Stop by the Admiral's Club on Concource C to say hello.  We'll be here until about 4:00 Dallas time.

----------


## MIke R

Done Moab many times when I lived in Colorado  as it was only a few hours drive away 

be be sure to do Devils Garden  ...Corona Arch and Fischer Towers 

three truly amazing rock formations....Moab is  such a cool place .....enjoy

Moab Brewery and Miguel's Baja Grill  to eat

----------


## tim

Thanks, Mike.  We'll map them out for a visit.  I'm also going to try to sneak away for a bike ride if I can work out a rental.

----------


## MIke R

Yes  the  biking is great as well but we always went for the hiking

----------


## tim

Visited the Arches National Park yesterday, and my wife took hundreds of photos.  Everywhere one goes around Moab provides spectacular scenery!  Road and mountain biking available on many trails in the area.

----------


## amyb

Looking forward to some pictures.

----------


## JoshA

Moab has among the best mountain biking on the planet because of slickrock - that grippy (not slick) undulating rock that allows you to hold on steep terrain almost like a terrain park. Some of the trails are pretty technical so be careful. Breathtaking scenery. You can ride for hundreds of miles in the region.

----------


## tim

Spectacular scenery everywhere one looks in and around Moab.  My biking buddy was a road biker, so I rented a road bike to ride with him on the paved trails.  Here are a couple of beauties that we took while driving through Arches National Park -

----------


## MIke R

first one looks like Fisher Towers???

great shots....miss it a lot

----------


## amyb

Beautiful country you are riding through, Tim.

----------


## tim

Actually, we're back in Virginia trying to organize a couple of hundred photos on this dreary, but much needed, rainy day :thumb up: 

P.S. to Amy - your Lumix takes great photos.:)

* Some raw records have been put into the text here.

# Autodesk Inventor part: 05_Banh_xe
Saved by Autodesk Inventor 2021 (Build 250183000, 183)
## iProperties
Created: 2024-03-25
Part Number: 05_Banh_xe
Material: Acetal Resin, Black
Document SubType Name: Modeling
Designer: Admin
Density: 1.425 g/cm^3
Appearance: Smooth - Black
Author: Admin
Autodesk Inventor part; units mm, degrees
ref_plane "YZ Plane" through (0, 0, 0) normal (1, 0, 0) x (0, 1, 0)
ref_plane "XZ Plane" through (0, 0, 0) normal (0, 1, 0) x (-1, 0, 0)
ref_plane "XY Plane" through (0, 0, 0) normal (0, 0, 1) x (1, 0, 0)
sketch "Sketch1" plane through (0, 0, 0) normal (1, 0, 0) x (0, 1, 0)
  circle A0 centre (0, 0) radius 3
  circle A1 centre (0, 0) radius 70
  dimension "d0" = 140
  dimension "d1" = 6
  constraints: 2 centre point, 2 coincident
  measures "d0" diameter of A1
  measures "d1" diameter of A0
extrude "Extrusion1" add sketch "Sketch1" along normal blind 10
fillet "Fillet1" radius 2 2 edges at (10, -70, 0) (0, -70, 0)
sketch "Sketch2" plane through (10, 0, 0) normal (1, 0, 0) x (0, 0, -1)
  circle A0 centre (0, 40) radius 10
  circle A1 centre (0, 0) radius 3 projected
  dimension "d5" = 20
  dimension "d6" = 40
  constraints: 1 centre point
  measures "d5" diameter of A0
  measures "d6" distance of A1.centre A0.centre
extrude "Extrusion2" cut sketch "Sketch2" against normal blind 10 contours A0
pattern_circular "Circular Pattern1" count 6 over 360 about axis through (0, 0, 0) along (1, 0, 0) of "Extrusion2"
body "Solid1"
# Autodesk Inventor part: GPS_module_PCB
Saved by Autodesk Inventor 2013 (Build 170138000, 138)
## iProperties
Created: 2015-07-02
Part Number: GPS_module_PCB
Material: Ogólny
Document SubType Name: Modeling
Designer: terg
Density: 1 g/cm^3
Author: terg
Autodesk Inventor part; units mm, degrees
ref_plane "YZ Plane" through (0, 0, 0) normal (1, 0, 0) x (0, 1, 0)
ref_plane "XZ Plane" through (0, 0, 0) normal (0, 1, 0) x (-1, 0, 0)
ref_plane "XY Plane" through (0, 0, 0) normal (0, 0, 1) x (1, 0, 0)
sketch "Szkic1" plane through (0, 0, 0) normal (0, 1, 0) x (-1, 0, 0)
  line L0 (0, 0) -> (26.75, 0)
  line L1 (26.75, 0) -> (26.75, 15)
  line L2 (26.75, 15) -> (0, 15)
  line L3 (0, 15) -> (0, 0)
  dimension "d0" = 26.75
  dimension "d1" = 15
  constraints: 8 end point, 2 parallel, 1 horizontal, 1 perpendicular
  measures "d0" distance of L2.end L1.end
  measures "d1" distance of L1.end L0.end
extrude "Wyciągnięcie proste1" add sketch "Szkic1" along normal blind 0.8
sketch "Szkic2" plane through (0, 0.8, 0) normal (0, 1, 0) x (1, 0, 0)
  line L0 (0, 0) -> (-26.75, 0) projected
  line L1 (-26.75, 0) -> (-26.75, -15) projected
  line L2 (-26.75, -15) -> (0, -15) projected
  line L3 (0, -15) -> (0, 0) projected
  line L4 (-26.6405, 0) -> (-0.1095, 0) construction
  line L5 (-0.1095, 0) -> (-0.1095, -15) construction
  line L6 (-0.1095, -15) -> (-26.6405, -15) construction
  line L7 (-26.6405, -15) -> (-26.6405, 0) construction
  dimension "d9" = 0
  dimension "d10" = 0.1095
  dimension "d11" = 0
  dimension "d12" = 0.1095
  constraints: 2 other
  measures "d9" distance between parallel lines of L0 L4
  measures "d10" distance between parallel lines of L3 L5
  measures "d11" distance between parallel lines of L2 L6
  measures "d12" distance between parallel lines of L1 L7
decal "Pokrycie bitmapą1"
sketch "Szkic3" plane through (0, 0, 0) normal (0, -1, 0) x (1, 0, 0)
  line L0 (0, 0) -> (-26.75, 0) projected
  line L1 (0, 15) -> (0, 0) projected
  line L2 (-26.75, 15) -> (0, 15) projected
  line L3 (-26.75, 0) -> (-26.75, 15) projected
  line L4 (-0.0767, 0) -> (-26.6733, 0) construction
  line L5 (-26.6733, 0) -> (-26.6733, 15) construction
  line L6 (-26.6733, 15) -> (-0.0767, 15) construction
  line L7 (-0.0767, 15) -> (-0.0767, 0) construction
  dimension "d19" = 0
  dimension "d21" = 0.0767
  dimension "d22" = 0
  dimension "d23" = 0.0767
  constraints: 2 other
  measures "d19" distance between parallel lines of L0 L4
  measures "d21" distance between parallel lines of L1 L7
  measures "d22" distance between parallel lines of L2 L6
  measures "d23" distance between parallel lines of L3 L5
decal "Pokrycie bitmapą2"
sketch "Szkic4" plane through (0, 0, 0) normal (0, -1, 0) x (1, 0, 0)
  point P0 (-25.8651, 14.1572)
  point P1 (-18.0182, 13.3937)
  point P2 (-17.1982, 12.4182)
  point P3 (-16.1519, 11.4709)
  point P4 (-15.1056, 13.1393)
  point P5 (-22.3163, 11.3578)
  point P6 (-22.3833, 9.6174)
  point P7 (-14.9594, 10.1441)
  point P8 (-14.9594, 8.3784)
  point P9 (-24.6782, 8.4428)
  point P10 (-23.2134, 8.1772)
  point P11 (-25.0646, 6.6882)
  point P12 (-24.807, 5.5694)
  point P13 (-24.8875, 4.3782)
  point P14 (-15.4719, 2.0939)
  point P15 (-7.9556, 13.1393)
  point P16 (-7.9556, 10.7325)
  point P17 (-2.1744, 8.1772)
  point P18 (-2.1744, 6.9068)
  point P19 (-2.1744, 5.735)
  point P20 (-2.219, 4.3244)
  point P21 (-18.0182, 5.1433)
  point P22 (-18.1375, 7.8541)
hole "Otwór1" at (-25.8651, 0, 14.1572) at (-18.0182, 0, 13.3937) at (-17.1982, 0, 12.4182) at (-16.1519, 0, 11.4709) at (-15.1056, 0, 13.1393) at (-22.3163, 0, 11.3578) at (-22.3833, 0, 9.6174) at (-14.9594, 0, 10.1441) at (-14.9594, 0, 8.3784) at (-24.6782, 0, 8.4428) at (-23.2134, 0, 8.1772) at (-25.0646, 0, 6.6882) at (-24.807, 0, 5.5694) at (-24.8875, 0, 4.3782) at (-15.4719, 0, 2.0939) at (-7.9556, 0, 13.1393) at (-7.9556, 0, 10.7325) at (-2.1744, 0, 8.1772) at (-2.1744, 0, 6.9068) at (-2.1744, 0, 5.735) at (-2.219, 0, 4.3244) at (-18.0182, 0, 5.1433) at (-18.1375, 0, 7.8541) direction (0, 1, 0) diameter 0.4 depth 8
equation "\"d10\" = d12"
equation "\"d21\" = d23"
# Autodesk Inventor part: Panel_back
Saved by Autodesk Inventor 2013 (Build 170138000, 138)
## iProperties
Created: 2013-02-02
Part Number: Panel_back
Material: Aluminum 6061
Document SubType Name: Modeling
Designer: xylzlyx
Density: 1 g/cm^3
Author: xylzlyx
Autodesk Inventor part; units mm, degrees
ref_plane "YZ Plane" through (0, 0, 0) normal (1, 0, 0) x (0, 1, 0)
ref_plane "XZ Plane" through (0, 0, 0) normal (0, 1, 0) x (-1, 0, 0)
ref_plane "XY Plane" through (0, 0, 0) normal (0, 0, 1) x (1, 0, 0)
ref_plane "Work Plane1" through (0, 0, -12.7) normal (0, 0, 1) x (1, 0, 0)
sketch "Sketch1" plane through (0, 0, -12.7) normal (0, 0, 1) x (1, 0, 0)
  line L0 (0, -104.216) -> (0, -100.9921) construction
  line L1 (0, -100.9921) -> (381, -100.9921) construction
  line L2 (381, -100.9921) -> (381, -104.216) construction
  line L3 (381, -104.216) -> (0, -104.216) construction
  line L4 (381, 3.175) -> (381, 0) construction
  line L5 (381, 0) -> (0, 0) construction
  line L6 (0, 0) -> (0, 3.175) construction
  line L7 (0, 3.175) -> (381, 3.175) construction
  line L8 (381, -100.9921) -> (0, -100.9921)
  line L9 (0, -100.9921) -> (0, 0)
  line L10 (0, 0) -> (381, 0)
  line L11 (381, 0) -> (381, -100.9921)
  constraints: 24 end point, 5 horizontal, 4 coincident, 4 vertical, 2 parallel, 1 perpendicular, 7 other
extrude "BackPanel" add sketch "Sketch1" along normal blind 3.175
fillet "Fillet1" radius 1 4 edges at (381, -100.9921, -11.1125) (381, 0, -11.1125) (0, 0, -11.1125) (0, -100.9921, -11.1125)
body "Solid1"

P.S. to Mike - I think that the teetering rock is called simply, "Balancing Rock," but I could be mistaken.

----------


## amyb

Glad you are happy with your Lumix too.

----------


## LindaP

Nice photos Tim.....definately have to make it there in the future, since our son works near Orem, Utah half the year!

----------


## tim

It's well worth a visit.  I think the fall would be a better time to go, less crowds and cooler temps.

----------


## katva

My sister and I just chose our next destination race:

The Other Half Marathon in Moab!  Can't wait!  Last one was Avenue of the Giants in northern CA. We wanted another race with spectacular scenery, and this one ranks as one of the best :thumb up: 
http://www.moabhalfmarathon.com/othe...racephotos.cfm

----------


## tim

October should be a great time to be in Moab.  We drove along the river road shown in your  photo; the scenery is truly special.  You might decide you'd rather walk so you can spend more time ogling the sights.:) There's a well run Hampton Inn in town that is close enough to walk to what's happening.

----------


## katva

Ha!  My running pace should afford me plenty of time for ogling :cool: 

We are doing this next October. Between a foot injury of mine and my sister moving to Michigan, we need some time to prepare!  I'll do a half in the spring to bide my time :Big Grin: 

Thanks for the hotel tip!

----------